## [WORK ORDER]
Track down every line below that holds "header" and copy it.

## [SOURCE RECORDS]
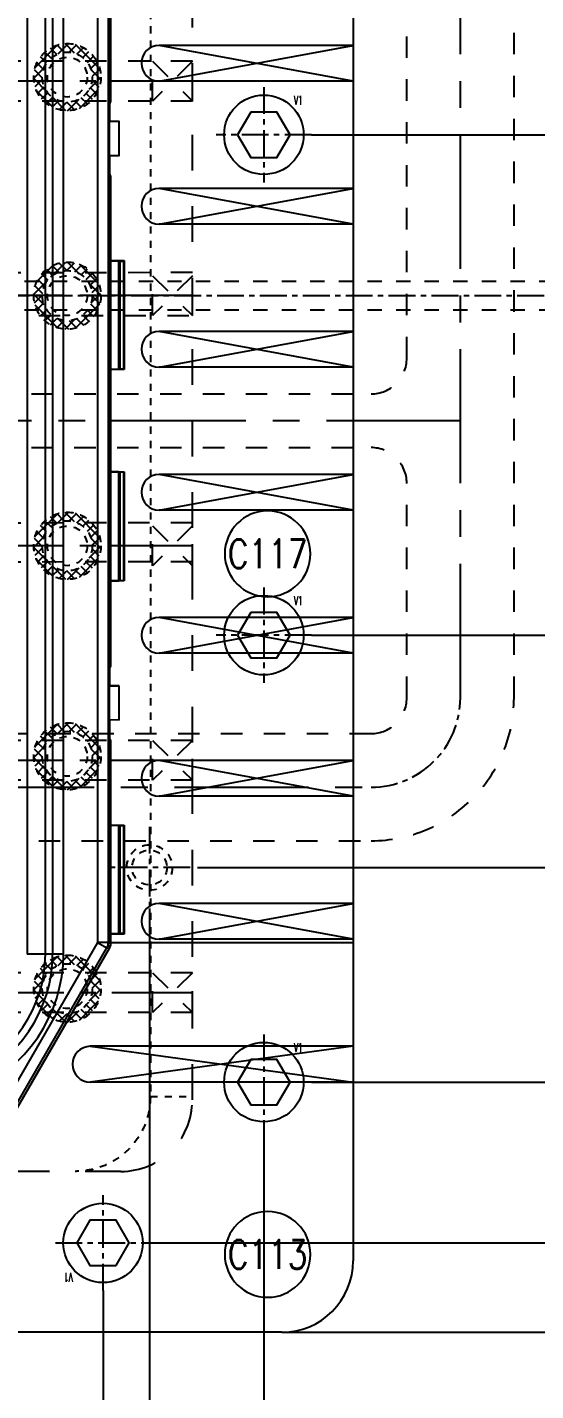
# Model space of a CAD drawing. Extents: x 14103 to 19353, y -3233 to 932.
# Drawn here: x 17483.2 to 17625.4, y -397.3 to -15.8 of the extents above; entities that cross this region are included whole.
import ezdxf
from ezdxf.enums import TextEntityAlignment as Align

# ---------------------------------------------------------------- set-up
doc = ezdxf.new("R2010")
doc.units = 0
doc.header["$LTSCALE"] = 20
doc.header["$MEASUREMENT"] = 0
for name, pattern in [('CENTER', [0.6, 0.375, -0.075, 0.075, -0.075]), ('DASHED', [0.2, 0.1, -0.1]), ('HIDDEN', [0.2, 0.1, -0.1]), ('SOLID', [0])]:
    doc.linetypes.add(name, pattern=pattern)
doc.layers.get('0').update_dxf_attribs({"linetype": 'CONTINUOUS'})
doc.layers.get('DEFPOINTS').update_dxf_attribs({"linetype": 'CONTINUOUS'})
for name, color, linetype in [('4a', 7, 'CONTINUOUS'), ('CK_LEVEL_1', 1, 'SOLID'), ('DEFAULT_2', 8, 'HIDDEN'), ('DIM', 3, 'CONTINUOUS'), ('HOLD DOWN', 7, 'CONTINUOUS'), ('MXB', 3, 'CONTINUOUS'), ('OIL', 7, 'CONTINUOUS'), ('SCREW', 7, 'CONTINUOUS'), ('VENTING', 7, 'CONTINUOUS'), ('WATER', 9, 'HIDDEN')]:
    doc.layers.add(name, color=color, linetype=linetype)
doc.styles.add('lxy2', font='txt.shx', dxfattribs={"width": 0.6})
doc.styles.get("Standard").update_dxf_attribs({"font": 'txt.shx', "width": 0.5, "bigfont": 'hztxt.shx'})
doc.dimstyles.new('10', dxfattribs={"dimtxt": 10, "dimasz": 5, "dimexe": 2.5, "dimexo": 0, "dimgap": 1, "dimtad": 0, "dimdsep": 46, "dimtxsty": 'lxy2', "dimcen": -3, "dimclrd": 113, "dimclre": 113, "dimclrt": 3, "dimazin": 2, "dimtfac": 1, "dimtofl": 0, "dimtmove": 0, "dimatfit": 3, "dimfxl": 1, "dimtolj": 1, "dimtzin": 0, "dimarcsym": 0})

# ---------------------------------------------------------------- blocks, each defined once
blk = doc.blocks.new('*D219')
at = {"layer": 'DEFPOINTS', "color": 0}
for p in [(17204.36, 164.09), (17725.91, -135.91), (17770.26, -135.91)]:
    blk.add_point(p, dxfattribs=at)
at = {"layer": 'DIM', "color": 113, "lineweight": -2}
blk.add_line((17725.91, -135.91), (17770.26, -135.91), dxfattribs=at)
at = {"layer": 'DIM', "color": 3, "insert": (17778.26, -135.91), "char_height": 10, "attachment_point": 5, "style": 'lxy2'}
blk.add_mtext('\\A1;300', dxfattribs=at)
blk = doc.blocks.new('*D218')
at = {"layer": 'DEFPOINTS', "color": 0}
for p in [(17204.36, 164.09), (17562.7, -185.91), (17770.26, -185.91)]:
    blk.add_point(p, dxfattribs=at)
at = {"layer": 'DIM', "color": 113, "lineweight": -2}
blk.add_line((17562.7, -185.91), (17770.26, -185.91), dxfattribs=at)
at = {"layer": 'DIM', "color": 3, "insert": (17778.76, -185.91), "char_height": 10, "attachment_point": 5, "style": 'lxy2'}
blk.add_mtext('\\A1;350', dxfattribs=at)
blk = doc.blocks.new('*D217')
at = {"layer": 'DEFPOINTS', "color": 0}
for p in [(17204.36, 164.09), (17562.7, -45.91), (17770.26, -45.91)]:
    blk.add_point(p, dxfattribs=at)
at = {"layer": 'DIM', "color": 113, "lineweight": -2}
blk.add_line((17562.7, -45.91), (17770.26, -45.91), dxfattribs=at)
at = {"layer": 'DIM', "color": 3, "insert": (17777.76, -45.91), "char_height": 10, "attachment_point": 5, "style": 'lxy2'}
blk.add_mtext('\\A1;210', dxfattribs=at)
blk = doc.blocks.new('*D208')
at = {"layer": 'DEFPOINTS', "color": 0}
for p in [(17204.36, 164.09), (17530.79, -250.91), (17770.26, -250.91)]:
    blk.add_point(p, dxfattribs=at)
at = {"layer": 'DIM', "color": 113, "lineweight": -2}
blk.add_line((17530.79, -250.91), (17770.26, -250.91), dxfattribs=at)
at = {"layer": 'DIM', "color": 3, "insert": (17778.26, -250.91), "char_height": 10, "attachment_point": 5, "style": 'lxy2'}
blk.add_mtext('\\A1;415', dxfattribs=at)
blk = doc.blocks.new('AC_LXY_BLK610')
at = {"layer": 'SCREW', "color": 1, "linetype": 'CENTER'}
for p, q in [((0, 13.33), (0, -13.34)), ((13.33, 0), (-13.34, 0))]:
    blk.add_line(p, q, dxfattribs=at)
at = {"layer": 'SCREW', "color": 0, "linetype": 'ByBlock'}
blk.add_lwpolyline([(-3.67, 6.35), (-7.33, 0), (-3.67, -6.35), (3.67, -6.35), (7.33, 0), (3.67, 6.35)], close=True, dxfattribs=at)
blk.add_circle((0, 0), 11.11, dxfattribs=at)
at = {"layer": 'SCREW', "style": 'lxy2', "width": 0.6}
blk.add_text('V1', height=2.5, dxfattribs=at).set_placement((9.63, 9.63), align=Align.MIDDLE_CENTER)
blk = doc.blocks.new('*D244')
at = {"layer": 'DEFPOINTS', "color": 0, "linetype": 'Continuous'}
for p in [(17204.36, 164.09), (17549.36, -324.24), (17549.36, -553.81)]:
    blk.add_point(p, dxfattribs=at)
at = {"layer": 'OIL', "color": 113, "linetype": 'Continuous', "lineweight": -2}
blk.add_line((17549.36, -324.24), (17549.36, -553.81), dxfattribs=at)
at = {"layer": 'OIL', "color": 3, "linetype": 'Continuous', "insert": (17549.36, -562.81), "char_height": 10, "attachment_point": 5, "rotation": 90, "style": 'lxy2'}
blk.add_mtext('\\A1;345', dxfattribs=at)
blk = doc.blocks.new('*D243')
at = {"layer": 'DEFPOINTS', "color": 0, "linetype": 'Continuous'}
for p in [(17204.36, 164.09), (17754.36, -535.91), (17754.36, -553.81)]:
    blk.add_point(p, dxfattribs=at)
at = {"layer": 'OIL', "color": 113, "linetype": 'Continuous', "lineweight": -2}
blk.add_line((17754.36, -535.91), (17754.36, -553.81), dxfattribs=at)
at = {"layer": 'OIL', "color": 3, "linetype": 'Continuous', "insert": (17754.36, -562.31), "char_height": 10, "attachment_point": 5, "rotation": 90, "style": 'lxy2'}
blk.add_mtext('\\A1;550', dxfattribs=at)
blk = doc.blocks.new('*D236')
at = {"layer": 'DEFPOINTS', "color": 0, "linetype": 'Continuous'}
for p in [(17204.36, 164.09), (17709.36, -535.91), (17709.36, -553.81)]:
    blk.add_point(p, dxfattribs=at)
at = {"layer": 'OIL', "color": 113, "linetype": 'Continuous', "lineweight": -2}
blk.add_line((17709.36, -535.91), (17709.36, -553.81), dxfattribs=at)
at = {"layer": 'OIL', "color": 3, "linetype": 'Continuous', "insert": (17709.36, -562.31), "char_height": 10, "attachment_point": 5, "rotation": 90, "style": 'lxy2'}
blk.add_mtext('\\A1;505', dxfattribs=at)
blk = doc.blocks.new('*D222')
at = {"layer": 'DEFPOINTS', "color": 0, "linetype": 'Continuous'}
for p in [(17204.36, 164.09), (17517.36, -262.34), (17517.36, -553.81)]:
    blk.add_point(p, dxfattribs=at)
at = {"layer": 'OIL', "color": 113, "linetype": 'Continuous', "lineweight": -2}
blk.add_line((17517.36, -262.34), (17517.36, -553.81), dxfattribs=at)
at = {"layer": 'OIL', "color": 3, "linetype": 'Continuous', "insert": (17517.36, -600.55), "char_height": 10, "attachment_point": 5, "rotation": 90, "style": 'lxy2'}
blk.add_mtext('\\A1;{\\f宋体|b0|i0|c134|p2;313(B板镶件工艺螺丝孔)}', dxfattribs=at)
blk = doc.blocks.new('*D214')
at = {"layer": 'DEFPOINTS', "color": 0}
for p in [(17204.36, 164.09), (17517.7, -355.91), (17770.26, -355.91)]:
    blk.add_point(p, dxfattribs=at)
at = {"layer": 'DIM', "color": 113, "lineweight": -2}
blk.add_line((17517.7, -355.91), (17770.26, -355.91), dxfattribs=at)
at = {"layer": 'DIM', "color": 3, "insert": (17778.76, -355.91), "char_height": 10, "attachment_point": 5, "style": 'lxy2'}
blk.add_mtext('\\A1;520', dxfattribs=at)
blk = doc.blocks.new('*D213')
at = {"layer": 'DEFPOINTS', "color": 0}
for p in [(17204.36, 164.09), (17760.7, -335.91), (17770.26, -335.91)]:
    blk.add_point(p, dxfattribs=at)
at = {"layer": 'DIM', "color": 113, "lineweight": -2}
blk.add_line((17760.7, -335.91), (17770.26, -335.91), dxfattribs=at)
at = {"layer": 'DIM', "color": 3, "insert": (17778.26, -335.91), "char_height": 10, "attachment_point": 5, "style": 'lxy2'}
blk.add_mtext('\\A1;500', dxfattribs=at)
blk = doc.blocks.new('*D212')
at = {"layer": 'DEFPOINTS', "color": 0}
for p in [(17204.36, 164.09), (17562.7, -310.91), (17770.26, -310.91)]:
    blk.add_point(p, dxfattribs=at)
at = {"layer": 'DIM', "color": 113, "lineweight": -2}
blk.add_line((17562.7, -310.91), (17770.26, -310.91), dxfattribs=at)
at = {"layer": 'DIM', "color": 3, "insert": (17779.26, -310.91), "char_height": 10, "attachment_point": 5, "style": 'lxy2'}
blk.add_mtext('\\A1;475', dxfattribs=at)
blk = doc.blocks.new('*D211')
at = {"layer": 'DEFPOINTS', "color": 0}
for p in [(17204.36, 164.09), (17554.36, -380.91), (17770.26, -380.91)]:
    blk.add_point(p, dxfattribs=at)
at = {"layer": 'DIM', "color": 113, "lineweight": -2}
blk.add_line((17554.36, -380.91), (17770.26, -380.91), dxfattribs=at)
at = {"layer": 'DIM', "color": 3, "insert": (17779.26, -380.91), "char_height": 10, "attachment_point": 5, "style": 'lxy2'}
blk.add_mtext('\\A1;545', dxfattribs=at)
blk = doc.blocks.new('*D210')
at = {"layer": 'DEFPOINTS', "color": 0}
for p in [(17204.36, 164.09), (17754.36, -535.91), (17770.26, -535.91)]:
    blk.add_point(p, dxfattribs=at)
at = {"layer": 'DIM', "color": 113, "lineweight": -2}
blk.add_line((17754.36, -535.91), (17770.26, -535.91), dxfattribs=at)
at = {"layer": 'DIM', "color": 3, "insert": (17778.26, -535.91), "char_height": 10, "attachment_point": 5, "style": 'lxy2'}
blk.add_mtext('\\A1;700', dxfattribs=at)
blk = doc.blocks.new('*D245')
at = {"layer": 'DEFPOINTS', "color": 0, "linetype": 'Continuous'}
for p in [(17204.36, 164.09), (17504.36, -369.24), (17504.36, -553.81)]:
    blk.add_point(p, dxfattribs=at)
at = {"layer": 'OIL', "color": 113, "linetype": 'Continuous', "lineweight": -2}
blk.add_line((17504.36, -369.24), (17504.36, -553.81), dxfattribs=at)
at = {"layer": 'OIL', "color": 3, "linetype": 'Continuous', "insert": (17504.36, -561.81), "char_height": 10, "attachment_point": 5, "rotation": 90, "style": 'lxy2'}
blk.add_mtext('\\A1;300', dxfattribs=at)
blk = doc.blocks.new('MXB_ITEM')
blk.add_circle((0, 0), 6)
at = {"width": 0.8}
blk.add_attdef('ITEM', text='', height=4, dxfattribs=at).set_placement((0, 0), align=Align.MIDDLE_CENTER)

msp = doc.modelspace()

# ---------------------------------------------------------------- hatches: boundary and pattern name
at = {"layer": 'WATER', "linetype": 'ByBlock'}
h = msp.add_hatch(dxfattribs=at)
h.set_pattern_fill('ANSI37', color=256, scale=15, angle=90, style=0)
h.set_pattern_definition([(45, (16753.0685, -15234.732), (1.32582521, -1.32582521), []), (315, (16753.0685, -15234.732), (-1.32582521, -1.32582521), [])])
edge = h.paths.add_edge_path(flags=16)
edge.add_arc((17494.363, -29.79), 7, 0, 360)
edge = h.paths.add_edge_path()
edge.add_arc((17494.363, -29.79), 9.396, 0, 360)
h = msp.add_hatch(dxfattribs=at)
h.set_pattern_fill('ANSI37', color=256, scale=15, angle=90, style=0)
h.set_pattern_definition([(315, (16753.0685, 15114.0324), (1.32582521, 1.32582521), []), (45, (16753.0685, 15114.0324), (-1.32582521, 1.32582521), [])])
edge = h.paths.add_edge_path(flags=16)
edge.add_arc((17494.363, -90.91), 7, 0, 360)
edge = h.paths.add_edge_path()
edge.add_arc((17494.363, -90.91), 9.396, 0, 360)
h = msp.add_hatch(dxfattribs=at)
h.set_pattern_fill('ANSI37', color=256, scale=15, angle=90, style=0)
h.set_pattern_definition([(45, (16753.0685, -15365.852), (1.32582521, -1.32582521), []), (315, (16753.0685, -15365.852), (-1.32582521, -1.32582521), [])])
edge = h.paths.add_edge_path(flags=16)
edge.add_arc((17494.363, -160.91), 7, 0, 360)
edge = h.paths.add_edge_path()
edge.add_arc((17494.363, -160.91), 9.396, 0, 360)
h = msp.add_hatch(dxfattribs=at)
h.set_pattern_fill('ANSI37', color=256, scale=15, angle=90, style=0)
h.set_pattern_definition([(45, (16753.0685, -15424.732), (1.32582521, -1.32582521), []), (315, (16753.0685, -15424.732), (-1.32582521, -1.32582521), [])])
edge = h.paths.add_edge_path(flags=16)
edge.add_arc((17494.363, -219.79), 7, 0, 360)
edge = h.paths.add_edge_path()
edge.add_arc((17494.363, -219.79), 9.396, 0, 360)
h = msp.add_hatch(dxfattribs=at)
h.set_pattern_fill('ANSI37', color=256, scale=15, angle=90, style=0)
h.set_pattern_definition([(45, (16753.0685, -15489.732), (1.32582521, -1.32582521), []), (315, (16753.0685, -15489.732), (-1.32582521, -1.32582521), [])])
edge = h.paths.add_edge_path(flags=16)
edge.add_arc((17494.363, -284.79), 7, 0, 360)
edge = h.paths.add_edge_path()
edge.add_arc((17494.363, -284.79), 9.396, 0, 360)

# ---------------------------------------------------------------- linework, layer by layer
at = {"layer": '4a', "color": 4, "linetype": 'Continuous'}
for p, q in [((17483.168, 42.293), (17483.168, -275.115)), ((17488.231, -275.115), (17488.231, 42.293)), ((17490.258, 44.32), (17490.258, -275.115)), ((17493.295, -275.115), (17493.295, 44.32)), ((17502.841, 41.815), (17502.841, -271.838)), ((17505.884, -271.838), (17505.884, 41.815)), ((17506.49, -12.801), (17506.49, -36.558)), ((17506.49, -36.558), (17506.295, -37.049)), ((17506.295, -42.124), (17506.295, -37.049)), ((17506.295, -42.124), (17506.111, -42.262)), ((17508.873, -42.132), (17506.111, -42.262)), ((17506.111, -42.262), (17506.111, -51.654)), ((17506.295, -42.124), (17508.873, -42.132)), ((17508.873, -51.784), (17508.873, -42.132)), ((17506.111, -51.654), (17508.873, -51.784)), ((17506.111, -51.654), (17506.295, -51.792)), ((17508.873, -51.784), (17506.295, -51.792)), ((17506.295, -56.867), (17506.295, -51.792)), ((17506.49, -57.358), (17506.295, -56.867)), ((17506.49, -57.358), (17506.49, -81.115)), ((17506.49, -81.115), (17506.418, -81.151)), ((17506.418, -81.151), (17506.418, -111.58)), ((17506.418, -81.151), (17508.788, -81.151)), ((17506.49, -81.115), (17510.319, -81.115)), ((17508.788, -111.58), (17508.788, -81.151)), ((17508.788, -81.151), (17509.143, -81.24)), ((17509.143, -111.491), (17509.143, -81.24)), ((17509.143, -81.24), (17510.194, -81.24)), ((17510.194, -81.24), (17510.319, -81.115)), ((17510.194, -111.491), (17510.194, -81.24)), ((17510.319, -81.115), (17510.319, -111.616)), ((17508.788, -111.58), (17506.418, -111.58)), ((17506.418, -111.58), (17506.49, -111.616)), ((17506.49, -111.616), (17506.49, -140.204)), ((17510.319, -111.616), (17506.49, -111.616)), ((17509.143, -111.491), (17508.788, -111.58)), ((17510.194, -111.491), (17509.143, -111.491)), ((17510.319, -111.616), (17510.194, -111.491)), ((17506.49, -140.204), (17506.418, -140.24)), ((17506.418, -140.24), (17506.418, -170.668)), ((17508.788, -140.24), (17506.418, -140.24)), ((17506.49, -140.204), (17510.319, -140.204)), ((17508.788, -170.668), (17508.788, -140.24)), ((17509.143, -140.328), (17508.788, -140.24)), ((17509.143, -170.58), (17509.143, -140.328)), ((17510.194, -140.328), (17509.143, -140.328)), ((17510.319, -140.204), (17510.194, -140.328)), ((17510.194, -170.58), (17510.194, -140.328)), ((17510.319, -140.204), (17510.319, -170.704)), ((17506.418, -170.668), (17508.788, -170.668)), ((17506.418, -170.668), (17506.49, -170.704)), ((17506.49, -170.704), (17506.49, -194.462)), ((17510.319, -170.704), (17506.49, -170.704)), ((17508.788, -170.668), (17509.143, -170.58)), ((17509.143, -170.58), (17510.194, -170.58)), ((17510.194, -170.58), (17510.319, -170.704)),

## [ANSWER FOR THE TASK]
doc.header["$LTSCALE"] = 20
doc.header["$MEASUREMENT"] = 0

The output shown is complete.